- Dates: Canceled due to players' strike

= 1994 World Series =

Cancelled Major League Baseball championship

The 1994 World Series was the scheduled championship series of Major League Baseball's (MLB) 1994 season. It was canceled due to a strike by the MLB Players Association. The cancelation marked the second (and most recent) time a World Series was not played in a given season and the first since 1904.

==Canceled playoffs==

This was supposed to have been the first year of an expanded eight-team playoff system, with the American League (AL) and National League (NL) realigning into three divisions each (East, Central, and West) at the start of the 1994 season, and the addition of a wild card spot in each league. The NL champion was then intended to be assigned home-field advantage in the 1994 World Series, based on an annual rotation dating back to the mid-1930s in which the World Series opened in the NL city in even-numbered years and opened in the AL city in odd-numbered years. With the postseason canceled, the new playoff system did not go into effect until the 1995 postseason, and the annual World Series rotation (which continued until 2003) was then reversed so that home-field advantage for the 1995 World Series was assigned to the NL champion.

===Atlanta Braves' run of division titles===
At the time that the strike began, the Montreal Expos had a six game lead in the NL East over the Atlanta Braves, while the Braves had a 21/2 game lead over the Houston Astros for the NL wild card. As there were no division champions in 1994, the Braves are officially credited with winning 14 consecutive division titles from 1991 to 2005, winning the NL West in the final three years of the two–division system and then winning 11 consecutive NL East titles from 1995 to 2005.

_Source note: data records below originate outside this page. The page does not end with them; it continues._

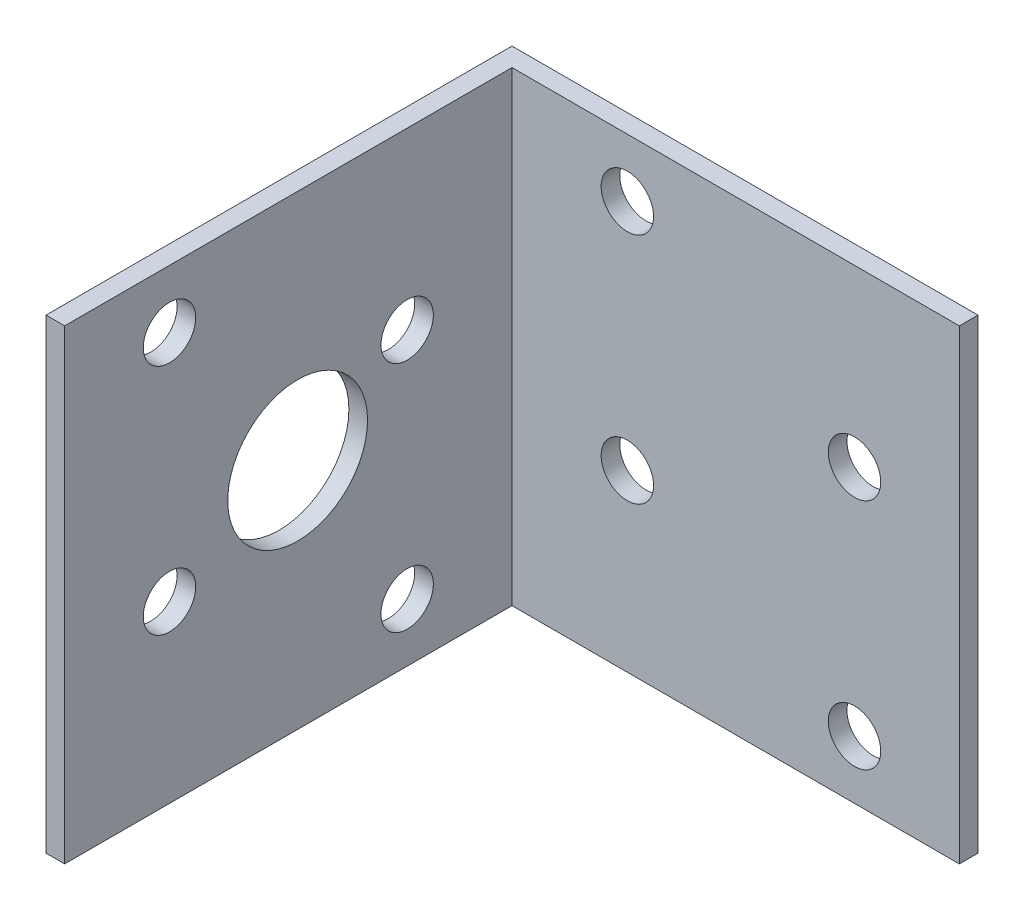
ISO-10303-21;
HEADER;
FILE_DESCRIPTION(('STEP AP214'),'2;1');
FILE_NAME('part.step','',(''),(''),'','','');
FILE_SCHEMA(('AUTOMOTIVE_DESIGN { 1 0 10303 214 1 1 1 1 }'));
ENDSEC;
DATA;
#1=APPLICATION_CONTEXT('core data for automotive mechanical design processes');
#2=APPLICATION_PROTOCOL_DEFINITION('international standard','automotive_design',2000,#1);
#3=PRODUCT_CONTEXT('',#1,'mechanical');
#4=PRODUCT('Part','Part','',(#3));
#5=PRODUCT_RELATED_PRODUCT_CATEGORY('part','',(#4));
#6=PRODUCT_DEFINITION_FORMATION('','',#4);
#7=PRODUCT_DEFINITION_CONTEXT('part definition',#1,'design');
#8=PRODUCT_DEFINITION('design','',#6,#7);
#9=PRODUCT_DEFINITION_SHAPE('','',#8);
#10=(LENGTH_UNIT() NAMED_UNIT(*) SI_UNIT(.MILLI.,.METRE.));
#11=(NAMED_UNIT(*) PLANE_ANGLE_UNIT() SI_UNIT($,.RADIAN.));
#12=(NAMED_UNIT(*) SI_UNIT($,.STERADIAN.) SOLID_ANGLE_UNIT());
#13=UNCERTAINTY_MEASURE_WITH_UNIT(LENGTH_MEASURE(1.E-05),#10,'distance_accuracy_value','');
#14=(GEOMETRIC_REPRESENTATION_CONTEXT(3) GLOBAL_UNCERTAINTY_ASSIGNED_CONTEXT((#13)) GLOBAL_UNIT_ASSIGNED_CONTEXT((#10,
#11,#12)) REPRESENTATION_CONTEXT('',''));
#15=CARTESIAN_POINT('',(0.,0.,0.));
#16=DIRECTION('',(0.,0.,1.));
#17=DIRECTION('',(1.,0.,0.));
#18=AXIS2_PLACEMENT_3D('',#15,#16,#17);
#19=CARTESIAN_POINT('',(0.,-40.,40.));
#20=DIRECTION('',(0.,-1.,0.));
#21=DIRECTION('',(0.,0.,-1.));
#22=AXIS2_PLACEMENT_3D('',#19,#20,#21);
#23=PLANE('',#22);
#24=DIRECTION('',(-1.,0.,0.));
#25=VECTOR('',#24,1.);
#26=CARTESIAN_POINT('',(40.,-40.,1.59999999999998));
#27=LINE('',#26,#25);
#28=CARTESIAN_POINT('',(40.,-40.,1.59999999999998));
#29=VERTEX_POINT('',#28);
#30=CARTESIAN_POINT('',(1.6,-40.,1.59999999999998));
#31=VERTEX_POINT('',#30);
#32=EDGE_CURVE('E49',#29,#31,#27,.T.);
#33=ORIENTED_EDGE('',*,*,#32,.T.);
#34=DIRECTION('',(0.,0.,1.));
#35=VECTOR('',#34,1.);
#36=CARTESIAN_POINT('',(1.6,-40.,1.59999999999998));
#37=LINE('',#36,#35);
#38=CARTESIAN_POINT('',(1.6,-40.,40.));
#39=VERTEX_POINT('',#38);
#40=EDGE_CURVE('E100',#31,#39,#37,.T.);
#41=ORIENTED_EDGE('',*,*,#40,.T.);
#42=DIRECTION('',(1.,0.,0.));
#43=VECTOR('',#42,1.);
#44=CARTESIAN_POINT('',(0.,-40.,40.));
#45=LINE('',#44,#43);
#46=CARTESIAN_POINT('',(0.,-40.,40.));
#47=VERTEX_POINT('',#46);
#48=EDGE_CURVE('E11',#47,#39,#45,.T.);
#49=ORIENTED_EDGE('',*,*,#48,.F.);
#50=DIRECTION('',(0.,0.,-1.));
#51=VECTOR('',#50,1.);
#52=CARTESIAN_POINT('',(0.,-40.,40.));
#53=LINE('',#52,#51);
#54=CARTESIAN_POINT('',(0.,-40.,0.));
#55=VERTEX_POINT('',#54);
#56=EDGE_CURVE('E118',#47,#55,#53,.T.);
#57=ORIENTED_EDGE('',*,*,#56,.T.);
#58=DIRECTION('',(1.,0.,0.));
#59=VECTOR('',#58,1.);
#60=CARTESIAN_POINT('',(0.,-40.,0.));
#61=LINE('',#60,#59);
#62=CARTESIAN_POINT('',(40.,-40.,0.));
#63=VERTEX_POINT('',#62);
#64=EDGE_CURVE('E36',#55,#63,#61,.T.);
#65=ORIENTED_EDGE('',*,*,#64,.T.);
#66=DIRECTION('',(0.,0.,-1.));
#67=VECTOR('',#66,1.);
#68=CARTESIAN_POINT('',(40.,-40.,40.));
#69=LINE('',#68,#67);
#70=EDGE_CURVE('E106',#29,#63,#69,.T.);
#71=ORIENTED_EDGE('',*,*,#70,.F.);
#72=EDGE_LOOP('',(#33,#41,#49,#57,#65,#71));
#73=FACE_BOUND('',#72,.T.);
#74=ADVANCED_FACE('F33',(#73),#23,.T.);
#75=CARTESIAN_POINT('',(0.,0.,40.));
#76=DIRECTION('',(0.,0.,1.));
#77=DIRECTION('',(0.,-1.,0.));
#78=AXIS2_PLACEMENT_3D('',#75,#76,#77);
#79=PLANE('',#78);
#80=DIRECTION('',(0.,1.,0.));
#81=VECTOR('',#80,1.);
#82=CARTESIAN_POINT('',(1.6,-40.,40.));
#83=LINE('',#82,#81);
#84=CARTESIAN_POINT('',(1.6,0.,40.));
#85=VERTEX_POINT('',#84);
#86=EDGE_CURVE('E99',#39,#85,#83,.T.);
#87=ORIENTED_EDGE('',*,*,#86,.T.);
#88=DIRECTION('',(1.,0.,0.));
#89=VECTOR('',#88,1.);
#90=CARTESIAN_POINT('',(0.,0.,40.));
#91=LINE('',#90,#89);
#92=CARTESIAN_POINT('',(0.,0.,40.));
#93=VERTEX_POINT('',#92);
#94=EDGE_CURVE('E41',#93,#85,#91,.T.);
#95=ORIENTED_EDGE('',*,*,#94,.F.);
#96=DIRECTION('',(0.,-1.,0.));
#97=VECTOR('',#96,1.);
#98=CARTESIAN_POINT('',(0.,0.,40.));
#99=LINE('',#98,#97);
#100=EDGE_CURVE('E126',#93,#47,#99,.T.);
#101=ORIENTED_EDGE('',*,*,#100,.T.);
#102=ORIENTED_EDGE('',*,*,#48,.T.);
#103=EDGE_LOOP('',(#87,#95,#101,#102));
#104=FACE_BOUND('',#103,.T.);
#105=ADVANCED_FACE('F142',(#104),#79,.T.);
#106=CARTESIAN_POINT('',(0.,0.,0.));
#107=DIRECTION('',(0.,1.,0.));
#108=DIRECTION('',(0.,0.,1.));
#109=AXIS2_PLACEMENT_3D('',#106,#107,#108);
#110=PLANE('',#109);
#111=DIRECTION('',(-1.,0.,0.));
#112=VECTOR('',#111,1.);
#113=CARTESIAN_POINT('',(40.,0.,1.6));
#114=LINE('',#113,#112);
#115=CARTESIAN_POINT('',(40.,0.,1.6));
#116=VERTEX_POINT('',#115);
#117=CARTESIAN_POINT('',(1.6,0.,1.6));
#118=VERTEX_POINT('',#117);
#119=EDGE_CURVE('E96',#116,#118,#114,.T.);
#120=ORIENTED_EDGE('',*,*,#119,.F.);
#121=DIRECTION('',(0.,0.,1.));
#122=VECTOR('',#121,1.);
#123=CARTESIAN_POINT('',(40.,0.,0.));
#124=LINE('',#123,#122);
#125=CARTESIAN_POINT('',(40.,0.,0.));
#126=VERTEX_POINT('',#125);
#127=EDGE_CURVE('E121',#126,#116,#124,.T.);
#128=ORIENTED_EDGE('',*,*,#127,.F.);
#129=DIRECTION('',(1.,0.,0.));
#130=VECTOR('',#129,1.);
#131=CARTESIAN_POINT('',(0.,0.,0.));
#132=LINE('',#131,#130);
#133=CARTESIAN_POINT('',(0.,0.,0.));
#134=VERTEX_POINT('',#133);
#135=EDGE_CURVE('E73',#134,#126,#132,.T.);
#136=ORIENTED_EDGE('',*,*,#135,.F.);
#137=DIRECTION('',(0.,0.,1.));
#138=VECTOR('',#137,1.);
#139=CARTESIAN_POINT('',(0.,0.,0.));
#140=LINE('',#139,#138);
#141=EDGE_CURVE('E123',#134,#93,#140,.T.);
#142=ORIENTED_EDGE('',*,*,#141,.T.);
#143=ORIENTED_EDGE('',*,*,#94,.T.);
#144=DIRECTION('',(0.,0.,1.));
#145=VECTOR('',#144,1.);
#146=CARTESIAN_POINT('',(1.6,0.,1.6));
#147=LINE('',#146,#145);
#148=EDGE_CURVE('E107',#118,#85,#147,.T.);
#149=ORIENTED_EDGE('',*,*,#148,.F.);
#150=EDGE_LOOP('',(#120,#128,#136,#142,#143,#149));
#151=FACE_BOUND('',#150,.T.);
#152=ADVANCED_FACE('F140',(#151),#110,.T.);
#153=CARTESIAN_POINT('',(0.,-40.,0.));
#154=DIRECTION('',(0.,0.,-1.));
#155=DIRECTION('',(0.,1.,0.));
#156=AXIS2_PLACEMENT_3D('',#153,#154,#155);
#157=PLANE('',#156);
#158=CARTESIAN_POINT('',(31.,-15.,0.));
#159=DIRECTION('',(0.,0.,1.));
#160=DIRECTION('',(1.,0.,0.));
#161=AXIS2_PLACEMENT_3D('',#158,#159,#160);
#162=CIRCLE('',#161,2.24999999999999);
#163=CARTESIAN_POINT('',(33.25,-15.,0.));
#164=VERTEX_POINT('',#163);
#165=EDGE_CURVE('E328',#164,#164,#162,.T.);
#166=ORIENTED_EDGE('',*,*,#165,.T.);
#167=EDGE_LOOP('',(#166));
#168=FACE_BOUND('',#167,.T.);
#169=CARTESIAN_POINT('',(11.5,-5.,0.));
#170=DIRECTION('',(0.,0.,1.));
#171=DIRECTION('',(1.,0.,0.));
#172=AXIS2_PLACEMENT_3D('',#169,#170,#171);
#173=CIRCLE('',#172,2.24999999999999);
#174=CARTESIAN_POINT('',(13.75,-5.,0.));
#175=VERTEX_POINT('',#174);
#176=EDGE_CURVE('E334',#175,#175,#173,.T.);
#177=ORIENTED_EDGE('',*,*,#176,.T.);
#178=EDGE_LOOP('',(#177));
#179=FACE_BOUND('',#178,.T.);
#180=CARTESIAN_POINT('',(11.5,-25.,0.));
#181=DIRECTION('',(0.,0.,1.));
#182=DIRECTION('',(1.,0.,0.));
#183=AXIS2_PLACEMENT_3D('',#180,#181,#182);
#184=CIRCLE('',#183,2.24999999999999);
#185=CARTESIAN_POINT('',(13.75,-25.,0.));
#186=VERTEX_POINT('',#185);
#187=EDGE_CURVE('E340',#186,#186,#184,.T.);
#188=ORIENTED_EDGE('',*,*,#187,.T.);
#189=EDGE_LOOP('',(#188));
#190=FACE_BOUND('',#189,.T.);
#191=CARTESIAN_POINT('',(31.,-35.,0.));
#192=DIRECTION('',(0.,0.,1.));
#193=DIRECTION('',(1.,0.,0.));
#194=AXIS2_PLACEMENT_3D('',#191,#192,#193);
#195=CIRCLE('',#194,2.24999999999999);
#196=CARTESIAN_POINT('',(33.25,-35.,0.));
#197=VERTEX_POINT('',#196);
#198=EDGE_CURVE('E111',#197,#197,#195,.T.);
#199=ORIENTED_EDGE('',*,*,#198,.T.);
#200=EDGE_LOOP('',(#199));
#201=FACE_BOUND('',#200,.T.);
#202=DIRECTION('',(0.,1.,0.));
#203=VECTOR('',#202,1.);
#204=CARTESIAN_POINT('',(40.,-40.,0.));
#205=LINE('',#204,#203);
#206=EDGE_CURVE('E130',#63,#126,#205,.T.);
#207=ORIENTED_EDGE('',*,*,#206,.F.);
#208=ORIENTED_EDGE('',*,*,#64,.F.);
#209=DIRECTION('',(0.,1.,0.));
#210=VECTOR('',#209,1.);
#211=CARTESIAN_POINT('',(0.,-40.,0.));
#212=LINE('',#211,#210);
#213=EDGE_CURVE('E120',#55,#134,#212,.T.);
#214=ORIENTED_EDGE('',*,*,#213,.T.);
#215=ORIENTED_EDGE('',*,*,#135,.T.);
#216=EDGE_LOOP('',(#207,#208,#214,#215));
#217=FACE_BOUND('',#216,.T.);
#218=ADVANCED_FACE('F136',(#168,#179,#190,#201,#217),#157,.T.);
#219=CARTESIAN_POINT('',(0.,0.,0.));
#220=DIRECTION('',(1.,0.,0.));
#221=DIRECTION('',(0.,0.,-1.));
#222=AXIS2_PLACEMENT_3D('',#219,#220,#221);
#223=PLANE('',#222);
#224=CARTESIAN_POINT('',(0.,-25.,31.));
#225=DIRECTION('',(1.,0.,0.));
#226=DIRECTION('',(0.,0.,-1.));
#227=AXIS2_PLACEMENT_3D('',#224,#225,#226);
#228=CIRCLE('',#227,2.24999999999999);
#229=CARTESIAN_POINT('',(0.,-25.,28.75));
#230=VERTEX_POINT('',#229);
#231=EDGE_CURVE('E294',#230,#230,#228,.T.);
#232=ORIENTED_EDGE('',*,*,#231,.T.);
#233=EDGE_LOOP('',(#232));
#234=FACE_BOUND('',#233,.T.);
#235=CARTESIAN_POINT('',(0.,-15.,10.6));
#236=DIRECTION('',(1.,0.,0.));
#237=DIRECTION('',(0.,0.,-1.));
#238=AXIS2_PLACEMENT_3D('',#235,#236,#237);
#239=CIRCLE('',#238,2.24999999999999);
#240=CARTESIAN_POINT('',(0.,-15.,8.35000000000001));
#241=VERTEX_POINT('',#240);
#242=EDGE_CURVE('E304',#241,#241,#239,.T.);
#243=ORIENTED_EDGE('',*,*,#242,.T.);
#244=EDGE_LOOP('',(#243));
#245=FACE_BOUND('',#244,.T.);
#246=CARTESIAN_POINT('',(0.,-35.,10.6));
#247=DIRECTION('',(1.,0.,0.));
#248=DIRECTION('',(0.,0.,-1.));
#249=AXIS2_PLACEMENT_3D('',#246,#247,#248);
#250=CIRCLE('',#249,2.24999999999999);
#251=CARTESIAN_POINT('',(0.,-35.,8.35000000000001));
#252=VERTEX_POINT('',#251);
#253=EDGE_CURVE('E310',#252,#252,#250,.T.);
#254=ORIENTED_EDGE('',*,*,#253,.T.);
#255=EDGE_LOOP('',(#254));
#256=FACE_BOUND('',#255,.T.);
#257=CARTESIAN_POINT('',(0.,-5.,31.));
#258=DIRECTION('',(1.,0.,0.));
#259=DIRECTION('',(0.,0.,-1.));
#260=AXIS2_PLACEMENT_3D('',#257,#258,#259);
#261=CIRCLE('',#260,2.24999999999999);
#262=CARTESIAN_POINT('',(0.,-5.,28.75));
#263=VERTEX_POINT('',#262);
#264=EDGE_CURVE('E316',#263,#263,#261,.T.);
#265=ORIENTED_EDGE('',*,*,#264,.T.);
#266=EDGE_LOOP('',(#265));
#267=FACE_BOUND('',#266,.T.);
#268=CARTESIAN_POINT('',(0.,-20.,20.));
#269=DIRECTION('',(1.,0.,0.));
#270=DIRECTION('',(0.,0.,-1.));
#271=AXIS2_PLACEMENT_3D('',#268,#269,#270);
#272=CIRCLE('',#271,5.99999999999999);
#273=CARTESIAN_POINT('',(0.,-20.,14.));
#274=VERTEX_POINT('',#273);
#275=EDGE_CURVE('E322',#274,#274,#272,.T.);
#276=ORIENTED_EDGE('',*,*,#275,.T.);
#277=EDGE_LOOP('',(#276));
#278=FACE_BOUND('',#277,.T.);
#279=ORIENTED_EDGE('',*,*,#56,.F.);
#280=ORIENTED_EDGE('',*,*,#100,.F.);
#281=ORIENTED_EDGE('',*,*,#141,.F.);
#282=ORIENTED_EDGE('',*,*,#213,.F.);
#283=EDGE_LOOP('',(#279,#280,#281,#282));
#284=FACE_BOUND('',#283,.T.);
#285=ADVANCED_FACE('F146',(#234,#245,#256,#267,#278,#284),#223,.F.);
#286=CARTESIAN_POINT('',(40.,0.,0.));
#287=DIRECTION('',(1.,0.,0.));
#288=DIRECTION('',(0.,0.,-1.));
#289=AXIS2_PLACEMENT_3D('',#286,#287,#288);
#290=PLANE('',#289);
#291=DIRECTION('',(0.,1.,0.));
#292=VECTOR('',#291,1.);
#293=CARTESIAN_POINT('',(40.,-40.,1.59999999999998));
#294=LINE('',#293,#292);
#295=EDGE_CURVE('E115',#29,#116,#294,.T.);
#296=ORIENTED_EDGE('',*,*,#295,.F.);
#297=ORIENTED_EDGE('',*,*,#70,.T.);
#298=ORIENTED_EDGE('',*,*,#206,.T.);
#299=ORIENTED_EDGE('',*,*,#127,.T.);
#300=EDGE_LOOP('',(#296,#297,#298,#299));
#301=FACE_BOUND('',#300,.T.);
#302=ADVANCED_FACE('F138',(#301),#290,.T.);
#303=CARTESIAN_POINT('',(40.,-40.,1.59999999999998));
#304=DIRECTION('',(0.,0.,-1.));
#305=DIRECTION('',(0.,1.,0.));
#306=AXIS2_PLACEMENT_3D('',#303,#304,#305);
#307=PLANE('',#306);
#308=CARTESIAN_POINT('',(31.,-15.,1.6));
#309=DIRECTION('',(0.,0.,1.));
#310=DIRECTION('',(1.,0.,0.));
#311=AXIS2_PLACEMENT_3D('',#308,#309,#310);
#312=CIRCLE('',#311,2.24999999999999);
#313=CARTESIAN_POINT('',(33.25,-15.,1.6));
#314=VERTEX_POINT('',#313);
#315=EDGE_CURVE('E325',#314,#314,#312,.T.);
#316=ORIENTED_EDGE('',*,*,#315,.F.);
#317=EDGE_LOOP('',(#316));
#318=FACE_BOUND('',#317,.T.);
#319=CARTESIAN_POINT('',(11.5,-5.,1.6));
#320=DIRECTION('',(0.,0.,1.));
#321=DIRECTION('',(1.,0.,0.));
#322=AXIS2_PLACEMENT_3D('',#319,#320,#321);
#323=CIRCLE('',#322,2.24999999999999);
#324=CARTESIAN_POINT('',(13.75,-5.,1.6));
#325=VERTEX_POINT('',#324);
#326=EDGE_CURVE('E331',#325,#325,#323,.T.);
#327=ORIENTED_EDGE('',*,*,#326,.F.);
#328=EDGE_LOOP('',(#327));
#329=FACE_BOUND('',#328,.T.);
#330=CARTESIAN_POINT('',(11.5,-25.,1.6));
#331=DIRECTION('',(0.,0.,1.));
#332=DIRECTION('',(1.,0.,0.));
#333=AXIS2_PLACEMENT_3D('',#330,#331,#332);
#334=CIRCLE('',#333,2.24999999999999);
#335=CARTESIAN_POINT('',(13.75,-25.,1.6));
#336=VERTEX_POINT('',#335);
#337=EDGE_CURVE('E337',#336,#336,#334,.T.);
#338=ORIENTED_EDGE('',*,*,#337,.F.);
#339=EDGE_LOOP('',(#338));
#340=FACE_BOUND('',#339,.T.);
#341=CARTESIAN_POINT('',(31.,-35.,1.6));
#342=DIRECTION('',(0.,0.,1.));
#343=DIRECTION('',(1.,0.,0.));
#344=AXIS2_PLACEMENT_3D('',#341,#342,#343);
#345=CIRCLE('',#344,2.24999999999999);
#346=CARTESIAN_POINT('',(33.25,-35.,1.6));
#347=VERTEX_POINT('',#346);
#348=EDGE_CURVE('E342',#347,#347,#345,.T.);
#349=ORIENTED_EDGE('',*,*,#348,.F.);
#350=EDGE_LOOP('',(#349));
#351=FACE_BOUND('',#350,.T.);
#352=ORIENTED_EDGE('',*,*,#119,.T.);
#353=DIRECTION('',(0.,1.,0.));
#354=VECTOR('',#353,1.);
#355=CARTESIAN_POINT('',(1.6,-40.,1.59999999999998));
#356=LINE('',#355,#354);
#357=EDGE_CURVE('E92',#31,#118,#356,.T.);
#358=ORIENTED_EDGE('',*,*,#357,.F.);
#359=ORIENTED_EDGE('',*,*,#32,.F.);
#360=ORIENTED_EDGE('',*,*,#295,.T.);
#361=EDGE_LOOP('',(#352,#358,#359,#360));
#362=FACE_BOUND('',#361,.T.);
#363=ADVANCED_FACE('F94',(#318,#329,#340,#351,#362),#307,.F.);
#364=CARTESIAN_POINT('',(1.6,-40.,1.59999999999998));
#365=DIRECTION('',(-1.,0.,0.));
#366=DIRECTION('',(0.,0.,1.));
#367=AXIS2_PLACEMENT_3D('',#364,#365,#366);
#368=PLANE('',#367);
#369=CARTESIAN_POINT('',(1.6,-25.,31.));
#370=DIRECTION('',(1.,0.,0.));
#371=DIRECTION('',(0.,0.,-1.));
#372=AXIS2_PLACEMENT_3D('',#369,#370,#371);
#373=CIRCLE('',#372,2.24999999999999);
#374=CARTESIAN_POINT('',(1.6,-25.,28.75));
#375=VERTEX_POINT('',#374);
#376=EDGE_CURVE('E297',#375,#375,#373,.T.);
#377=ORIENTED_EDGE('',*,*,#376,.F.);
#378=EDGE_LOOP('',(#377));
#379=FACE_BOUND('',#378,.T.);
#380=CARTESIAN_POINT('',(1.6,-15.,10.6));
#381=DIRECTION('',(1.,0.,0.));
#382=DIRECTION('',(0.,0.,-1.));
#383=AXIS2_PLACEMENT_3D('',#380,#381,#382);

===Mattingly and the postseason===
The Yankees led the American League East by 6 1/2 games when the strike began. With a berth in the playoffs likely, the strike spoiled what could have been the postseason debut for veteran first baseman Don Mattingly. Mattingly finally made the playoffs the following year (the only postseason appearance of his career) only to have the Yankees lose to the Mariners in the divisional round. After that series, the Yankees traded for Seattle first baseman Tino Martinez, effectively ending Mattingly's career.

==Television coverage==

1994 was the first season that national telecasts were produced by The Baseball Network, a joint venture between MLB, ABC, and NBC. Under the original arrangement, ABC would have broadcast the World Series in even-numbered years (included 1994) and NBC would have televised the series in odd-numbered years. Because the 1994 World Series was cancelled, ABC and NBC shared broadcast rights to the 1995 World Series, after which the joint venture was ended.